The next day the director of the football camp had called to say that one of the coaches had dropped out at the last minute. Dean accepted the job with relief. The summer became about logistics as he and Nicole balanced their schedules that revolved around other people's leisure activities. They had one, maybe two dates. On one of them, they went to a movie that was supposed to be romantic, about a farmer's wife who falls in love with a visiting photographer when her husband and children are out of town. Dean remembered thinking that he would never be drawn in by the attentions of a kind stranger, that he wasn't susceptible to having an affair. He remembered
feeling vaguely superior to all the moviegoers swooning in their seats. That fall, he met Laura.

A
T THE END
of their workout, after the girls stretched on the playground, Jessica asked Dean if he would mind dropping her off at home, because she lived close by. The other girls had already squeezed into See-See's car anyway.

“Sure,” Dean said. “I had no idea you lived around here.”

Jessica shrugged. “My parents finished the house last year.”

Her house was at the end of a long, winding dirt road that was the driveway of either someone very poor or someone well-to-do. Jessica's family obviously fell into the latter category. Built on a slope, the front part of the house was raised up on tall sturdy posts, with a wraparound front porch overlooking the valley. Its architecture was modern, all angles and windows. Jessica's mother came out onto the porch to greet them.

“Hey, honey!” Mrs. Markham called. “I was just about to leave to pick you up.” She waved to Dean. “Come on up, let me get you an iced tea.”

Dean and Bryan followed Jessica through the garage and up a set of narrow stairs, which led to the kitchen, a large marble-and-stainless-steel affair that opened onto the living room.

“Would you prefer hot tea?” asked Jessica's mother. She was a redhead, like Jessica, but the color was softened by strands of gray, and her hair was cut in layers to frame her face. “I can make some, it's no trouble.”

“Iced tea would hit the spot, thank you.”

Mrs. Markham prepared four glasses of iced tea, dropping a slice of lemon in each. It was unsweetened and slightly
bitter. Dean worried that Bryan would complain, but he said nothing. He seemed awed by the large living room with its vaulted ceilings and high windows. There were oversized pots and vases everywhere, and after a few minutes of small talk, Dean learned that Mrs. Markham was a potter. Her studio was below, next to the garage. Behind the house there was a kiln. Jessica's father worked for the Department of Labor and commuted into Washington three days a week.

“What made you decide to live all the way out here?” Dean asked.

“It's just so beautiful.
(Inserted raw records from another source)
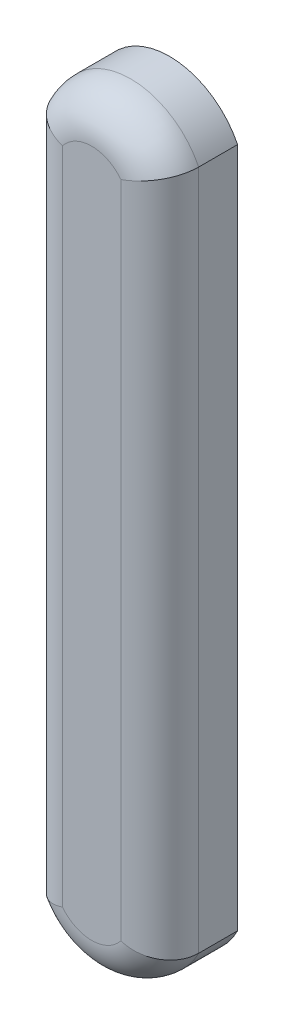
SolidWorks part; units mm, degrees
material "Plastique personnalisé"
ref_plane "Plan de face" through (0, 0, 0) normal (0, 0, 1) x (1, 0, 0)
ref_plane "Plan de dessus" through (0, 0, 0) normal (0, 1, 0) x (1, 0, 0)
ref_plane "Plan de droite" through (0, 0, 0) normal (1, 0, 0) x (0, 0, -1)
sketch "Esquisse1" plane through (0, 0, 0) normal (0, 0, 1) x (1, 0, 0)
  line L0 (0, 0.875) -> (0.35, 0.875) construction
  line L2 (0, 0) -> (0, 1.75)
  line L4 (0.35, 0) -> (0.35, 1.75)
  arc A0 (0, 1.75) -> (0.35, 1.75) centre (0.175, 1.664) cw
  arc A1 (0, 0) -> (0.35, 0) centre (0.175, 0.086) ccw
  dimension "D1" = 1.75
  dimension "D2" = 0.35
  dimension "D3" = 1.75
extrude "Boss.-Extru.1" add sketch "Esquisse1" along normal blind 0.2
fillet "Congé1" radius 0.1 4 edges at (0.175, -0.109, 0.2) (0, 0.875, 0.2) (0.35, 0.875, 0.2) (0.175, 1.859, 0.2)

And it didn't hurt that there's a golf course right down the street. I love that you practiced there. Jess, did you tell Coach Renner about all the times we left you there last summer?” Mrs. Markham smiled at Dean. “It took us forever to build the house, and we kept dropping her off at the pool while we argued with contractors. Poor thing had to do all her summer reading in the clubhouse.”

“It wasn't so bad,” Jessica said. She was blushing.

“No, there was that sweet woman who worked there. I can't remember her name. But she started doing all the same reading as Jessica and then they would discuss it. You two had your own little book club. It was so nice.”